↓↓↓

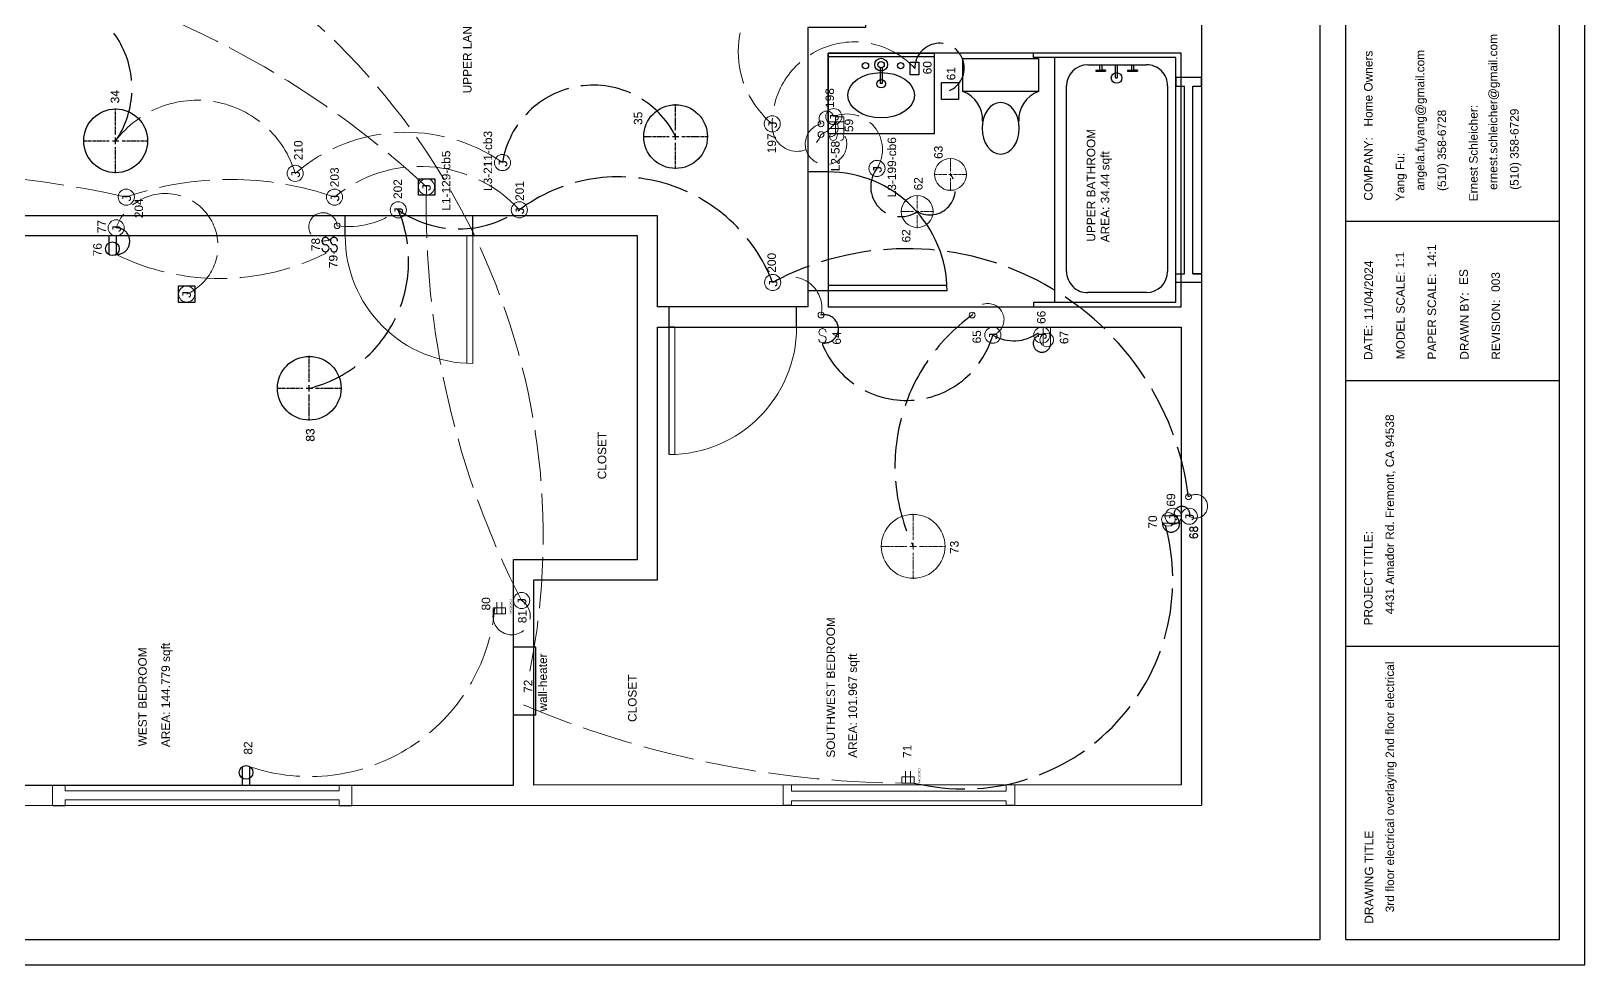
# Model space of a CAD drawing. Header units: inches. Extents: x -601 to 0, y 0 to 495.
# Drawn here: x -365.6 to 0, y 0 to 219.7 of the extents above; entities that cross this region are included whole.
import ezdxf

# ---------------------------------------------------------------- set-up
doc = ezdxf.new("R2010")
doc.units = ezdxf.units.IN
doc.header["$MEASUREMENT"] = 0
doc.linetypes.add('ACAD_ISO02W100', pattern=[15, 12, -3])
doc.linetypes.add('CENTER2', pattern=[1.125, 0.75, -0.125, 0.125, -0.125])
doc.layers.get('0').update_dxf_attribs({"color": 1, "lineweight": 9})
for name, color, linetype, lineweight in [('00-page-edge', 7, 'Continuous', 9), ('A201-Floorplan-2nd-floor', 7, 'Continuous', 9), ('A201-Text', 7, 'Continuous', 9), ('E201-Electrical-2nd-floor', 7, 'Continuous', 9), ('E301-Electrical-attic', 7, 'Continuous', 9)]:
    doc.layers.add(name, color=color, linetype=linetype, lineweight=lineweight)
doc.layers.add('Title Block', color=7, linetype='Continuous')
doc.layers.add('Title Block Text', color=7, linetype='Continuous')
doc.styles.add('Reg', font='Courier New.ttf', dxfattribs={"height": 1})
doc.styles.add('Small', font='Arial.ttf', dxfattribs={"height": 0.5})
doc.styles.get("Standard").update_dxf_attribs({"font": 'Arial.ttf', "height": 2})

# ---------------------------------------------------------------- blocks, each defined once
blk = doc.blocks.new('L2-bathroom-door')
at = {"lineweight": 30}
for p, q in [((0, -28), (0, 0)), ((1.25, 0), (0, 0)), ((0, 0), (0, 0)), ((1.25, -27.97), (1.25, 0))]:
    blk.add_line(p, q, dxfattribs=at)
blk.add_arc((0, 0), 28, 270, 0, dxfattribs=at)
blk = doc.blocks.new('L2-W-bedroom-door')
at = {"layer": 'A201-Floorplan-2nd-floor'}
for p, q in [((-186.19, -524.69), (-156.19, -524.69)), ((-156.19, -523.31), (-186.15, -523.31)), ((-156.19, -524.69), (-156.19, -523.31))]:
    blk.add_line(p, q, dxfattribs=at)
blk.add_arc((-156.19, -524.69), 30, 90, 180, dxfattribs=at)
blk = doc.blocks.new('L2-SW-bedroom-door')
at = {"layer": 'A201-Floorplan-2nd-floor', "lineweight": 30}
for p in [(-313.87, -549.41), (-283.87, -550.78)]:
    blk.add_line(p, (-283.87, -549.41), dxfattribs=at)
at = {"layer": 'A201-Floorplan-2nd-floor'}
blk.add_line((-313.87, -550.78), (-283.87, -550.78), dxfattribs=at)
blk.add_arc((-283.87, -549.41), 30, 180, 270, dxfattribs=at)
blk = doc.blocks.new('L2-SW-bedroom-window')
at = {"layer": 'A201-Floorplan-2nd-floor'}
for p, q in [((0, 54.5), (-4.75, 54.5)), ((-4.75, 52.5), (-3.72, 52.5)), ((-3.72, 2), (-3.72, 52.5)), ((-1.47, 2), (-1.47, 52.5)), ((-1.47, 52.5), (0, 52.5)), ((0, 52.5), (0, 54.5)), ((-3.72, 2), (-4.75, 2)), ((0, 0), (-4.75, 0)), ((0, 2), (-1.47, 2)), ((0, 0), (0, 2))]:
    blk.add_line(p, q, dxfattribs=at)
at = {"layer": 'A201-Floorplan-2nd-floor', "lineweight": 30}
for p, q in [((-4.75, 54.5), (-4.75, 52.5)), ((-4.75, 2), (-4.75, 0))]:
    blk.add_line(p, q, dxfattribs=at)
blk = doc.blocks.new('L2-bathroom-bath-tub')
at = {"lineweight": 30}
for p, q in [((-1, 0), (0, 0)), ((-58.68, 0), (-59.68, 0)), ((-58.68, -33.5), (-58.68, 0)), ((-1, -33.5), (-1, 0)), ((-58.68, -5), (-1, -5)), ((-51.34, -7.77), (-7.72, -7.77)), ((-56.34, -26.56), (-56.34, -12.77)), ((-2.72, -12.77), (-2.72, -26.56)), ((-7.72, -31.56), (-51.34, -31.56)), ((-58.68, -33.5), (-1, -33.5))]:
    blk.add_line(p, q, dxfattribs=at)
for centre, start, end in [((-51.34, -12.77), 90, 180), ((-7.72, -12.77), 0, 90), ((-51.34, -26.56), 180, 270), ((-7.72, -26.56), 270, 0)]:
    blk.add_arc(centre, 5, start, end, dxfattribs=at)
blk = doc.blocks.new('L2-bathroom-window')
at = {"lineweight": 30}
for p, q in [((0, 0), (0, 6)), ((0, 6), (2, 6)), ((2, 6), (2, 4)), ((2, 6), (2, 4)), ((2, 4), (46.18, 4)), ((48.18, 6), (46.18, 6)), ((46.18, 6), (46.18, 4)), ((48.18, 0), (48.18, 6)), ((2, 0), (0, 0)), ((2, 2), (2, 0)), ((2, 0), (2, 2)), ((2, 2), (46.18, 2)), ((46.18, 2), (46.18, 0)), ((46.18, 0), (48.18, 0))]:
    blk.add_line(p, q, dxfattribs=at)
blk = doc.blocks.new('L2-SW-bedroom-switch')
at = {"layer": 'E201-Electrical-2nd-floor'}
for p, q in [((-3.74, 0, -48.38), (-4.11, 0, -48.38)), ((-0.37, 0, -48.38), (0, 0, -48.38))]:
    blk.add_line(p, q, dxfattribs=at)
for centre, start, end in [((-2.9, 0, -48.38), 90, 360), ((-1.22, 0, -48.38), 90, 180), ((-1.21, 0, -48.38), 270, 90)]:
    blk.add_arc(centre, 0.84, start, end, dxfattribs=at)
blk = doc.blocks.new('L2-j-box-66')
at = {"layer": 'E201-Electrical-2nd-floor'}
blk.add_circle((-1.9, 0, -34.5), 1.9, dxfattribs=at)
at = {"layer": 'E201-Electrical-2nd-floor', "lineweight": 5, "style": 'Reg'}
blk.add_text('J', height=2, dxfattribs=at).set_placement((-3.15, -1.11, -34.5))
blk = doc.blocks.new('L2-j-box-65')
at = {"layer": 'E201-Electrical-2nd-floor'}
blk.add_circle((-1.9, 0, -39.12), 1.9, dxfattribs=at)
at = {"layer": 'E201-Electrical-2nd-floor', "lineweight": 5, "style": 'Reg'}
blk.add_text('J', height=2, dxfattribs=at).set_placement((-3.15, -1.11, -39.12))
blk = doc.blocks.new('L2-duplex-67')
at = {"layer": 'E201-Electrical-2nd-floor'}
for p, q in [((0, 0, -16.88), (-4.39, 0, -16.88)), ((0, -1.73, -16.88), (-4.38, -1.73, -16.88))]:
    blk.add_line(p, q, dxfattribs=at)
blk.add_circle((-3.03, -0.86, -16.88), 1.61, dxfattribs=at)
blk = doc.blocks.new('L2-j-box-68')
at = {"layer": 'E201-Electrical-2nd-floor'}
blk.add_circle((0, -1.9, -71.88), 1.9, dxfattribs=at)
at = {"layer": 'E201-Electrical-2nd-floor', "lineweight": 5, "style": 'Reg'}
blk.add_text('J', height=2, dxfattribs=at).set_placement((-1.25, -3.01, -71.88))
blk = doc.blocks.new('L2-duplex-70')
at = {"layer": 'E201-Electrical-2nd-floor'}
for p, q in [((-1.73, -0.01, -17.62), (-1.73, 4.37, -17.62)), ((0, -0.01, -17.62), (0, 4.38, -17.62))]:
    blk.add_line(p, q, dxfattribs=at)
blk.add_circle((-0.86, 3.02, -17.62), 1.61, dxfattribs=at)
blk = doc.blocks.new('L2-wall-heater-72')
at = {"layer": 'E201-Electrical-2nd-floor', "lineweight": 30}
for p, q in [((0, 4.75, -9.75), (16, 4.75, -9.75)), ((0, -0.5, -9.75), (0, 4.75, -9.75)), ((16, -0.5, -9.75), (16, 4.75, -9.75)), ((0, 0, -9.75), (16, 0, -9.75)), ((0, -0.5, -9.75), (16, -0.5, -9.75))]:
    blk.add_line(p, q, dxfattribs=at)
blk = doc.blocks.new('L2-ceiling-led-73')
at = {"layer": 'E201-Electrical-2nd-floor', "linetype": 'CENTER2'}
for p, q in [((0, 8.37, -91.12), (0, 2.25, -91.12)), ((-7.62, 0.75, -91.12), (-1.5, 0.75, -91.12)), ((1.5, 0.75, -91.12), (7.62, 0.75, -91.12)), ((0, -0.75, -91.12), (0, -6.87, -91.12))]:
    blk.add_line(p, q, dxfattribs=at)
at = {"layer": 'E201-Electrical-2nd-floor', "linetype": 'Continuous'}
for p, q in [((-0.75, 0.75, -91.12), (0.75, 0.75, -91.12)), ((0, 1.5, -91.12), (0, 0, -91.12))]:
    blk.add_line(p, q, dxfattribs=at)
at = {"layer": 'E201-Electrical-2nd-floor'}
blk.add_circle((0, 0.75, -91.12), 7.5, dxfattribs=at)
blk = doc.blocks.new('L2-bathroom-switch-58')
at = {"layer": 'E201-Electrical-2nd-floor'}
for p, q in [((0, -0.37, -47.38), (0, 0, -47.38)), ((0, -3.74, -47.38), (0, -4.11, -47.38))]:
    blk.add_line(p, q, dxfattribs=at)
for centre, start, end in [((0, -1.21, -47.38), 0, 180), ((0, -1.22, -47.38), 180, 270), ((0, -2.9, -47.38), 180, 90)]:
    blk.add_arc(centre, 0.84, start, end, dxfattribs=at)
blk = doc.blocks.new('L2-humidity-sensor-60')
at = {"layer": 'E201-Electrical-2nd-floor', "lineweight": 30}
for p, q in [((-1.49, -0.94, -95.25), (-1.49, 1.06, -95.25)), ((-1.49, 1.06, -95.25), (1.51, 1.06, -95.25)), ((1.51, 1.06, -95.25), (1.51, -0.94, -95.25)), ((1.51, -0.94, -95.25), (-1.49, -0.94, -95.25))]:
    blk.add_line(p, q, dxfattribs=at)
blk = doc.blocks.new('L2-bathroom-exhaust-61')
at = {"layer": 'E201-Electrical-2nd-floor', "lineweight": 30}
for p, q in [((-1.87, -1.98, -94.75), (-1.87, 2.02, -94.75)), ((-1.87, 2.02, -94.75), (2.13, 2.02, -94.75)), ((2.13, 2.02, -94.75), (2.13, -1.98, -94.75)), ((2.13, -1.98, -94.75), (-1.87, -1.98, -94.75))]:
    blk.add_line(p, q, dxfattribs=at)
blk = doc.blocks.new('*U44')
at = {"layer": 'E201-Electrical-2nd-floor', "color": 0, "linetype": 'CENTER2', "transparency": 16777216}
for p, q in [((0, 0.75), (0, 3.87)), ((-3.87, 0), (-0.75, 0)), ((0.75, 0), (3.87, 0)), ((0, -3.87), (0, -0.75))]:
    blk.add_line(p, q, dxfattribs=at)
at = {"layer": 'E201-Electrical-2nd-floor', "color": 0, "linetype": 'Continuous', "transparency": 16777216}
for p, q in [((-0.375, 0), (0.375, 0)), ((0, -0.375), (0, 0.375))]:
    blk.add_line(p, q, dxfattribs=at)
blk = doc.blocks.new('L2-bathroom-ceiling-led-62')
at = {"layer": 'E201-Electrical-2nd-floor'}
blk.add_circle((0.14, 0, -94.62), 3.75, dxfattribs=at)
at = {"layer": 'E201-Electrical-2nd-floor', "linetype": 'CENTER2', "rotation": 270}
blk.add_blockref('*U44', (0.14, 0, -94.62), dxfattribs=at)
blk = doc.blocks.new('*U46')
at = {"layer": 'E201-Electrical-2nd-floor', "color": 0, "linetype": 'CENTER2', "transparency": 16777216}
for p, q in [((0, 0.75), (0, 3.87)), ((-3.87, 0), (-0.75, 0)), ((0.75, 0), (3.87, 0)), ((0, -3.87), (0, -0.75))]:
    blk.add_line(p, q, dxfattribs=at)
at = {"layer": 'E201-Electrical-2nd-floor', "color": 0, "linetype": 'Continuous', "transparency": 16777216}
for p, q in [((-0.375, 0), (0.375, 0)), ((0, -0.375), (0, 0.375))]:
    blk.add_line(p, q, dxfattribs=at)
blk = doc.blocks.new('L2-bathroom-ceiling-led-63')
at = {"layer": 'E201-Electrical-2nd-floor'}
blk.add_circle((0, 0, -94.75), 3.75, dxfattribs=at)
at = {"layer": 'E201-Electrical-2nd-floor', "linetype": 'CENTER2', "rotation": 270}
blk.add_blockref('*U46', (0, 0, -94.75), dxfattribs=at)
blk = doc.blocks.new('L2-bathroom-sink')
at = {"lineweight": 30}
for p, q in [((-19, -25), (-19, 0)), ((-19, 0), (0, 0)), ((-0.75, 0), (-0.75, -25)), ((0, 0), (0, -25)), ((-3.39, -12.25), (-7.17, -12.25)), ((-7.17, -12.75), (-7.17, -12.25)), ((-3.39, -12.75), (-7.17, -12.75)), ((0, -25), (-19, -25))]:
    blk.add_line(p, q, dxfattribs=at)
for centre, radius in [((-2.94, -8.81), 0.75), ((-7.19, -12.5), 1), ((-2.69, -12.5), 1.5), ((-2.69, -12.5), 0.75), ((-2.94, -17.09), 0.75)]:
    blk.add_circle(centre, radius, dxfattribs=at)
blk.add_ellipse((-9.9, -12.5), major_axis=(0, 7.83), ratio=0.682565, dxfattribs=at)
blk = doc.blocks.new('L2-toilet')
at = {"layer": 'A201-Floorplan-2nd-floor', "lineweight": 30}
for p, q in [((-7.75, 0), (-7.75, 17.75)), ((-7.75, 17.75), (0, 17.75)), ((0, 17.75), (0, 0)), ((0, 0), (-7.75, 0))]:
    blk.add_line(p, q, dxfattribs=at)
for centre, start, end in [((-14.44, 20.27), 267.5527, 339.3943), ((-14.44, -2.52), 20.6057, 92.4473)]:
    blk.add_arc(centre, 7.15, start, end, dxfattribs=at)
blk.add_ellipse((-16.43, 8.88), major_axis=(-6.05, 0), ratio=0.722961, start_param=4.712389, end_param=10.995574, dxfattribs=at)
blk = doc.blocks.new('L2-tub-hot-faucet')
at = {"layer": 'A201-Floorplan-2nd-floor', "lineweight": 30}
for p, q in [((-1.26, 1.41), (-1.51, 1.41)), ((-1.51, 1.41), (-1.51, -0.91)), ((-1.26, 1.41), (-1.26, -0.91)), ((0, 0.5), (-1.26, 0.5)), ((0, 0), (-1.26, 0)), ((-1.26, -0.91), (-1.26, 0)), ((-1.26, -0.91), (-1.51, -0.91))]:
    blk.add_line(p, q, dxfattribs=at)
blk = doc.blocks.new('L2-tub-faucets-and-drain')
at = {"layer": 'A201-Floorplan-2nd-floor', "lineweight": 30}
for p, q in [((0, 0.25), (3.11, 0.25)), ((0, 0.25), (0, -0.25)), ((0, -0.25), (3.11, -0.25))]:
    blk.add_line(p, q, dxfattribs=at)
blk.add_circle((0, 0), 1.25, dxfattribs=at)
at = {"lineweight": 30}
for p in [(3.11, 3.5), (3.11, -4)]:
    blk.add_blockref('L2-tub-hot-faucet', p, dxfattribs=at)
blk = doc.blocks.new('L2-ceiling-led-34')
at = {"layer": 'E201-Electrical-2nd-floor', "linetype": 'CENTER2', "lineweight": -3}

↑↑↑

**Exercise**
Your answer should be the lines of the records that include the word "pattern".

**Written reply**
doc.linetypes.add('ACAD_ISO02W100', pattern=[15, 12, -3])
doc.linetypes.add('CENTER2', pattern=[1.125, 0.75, -0.125, 0.125, -0.125])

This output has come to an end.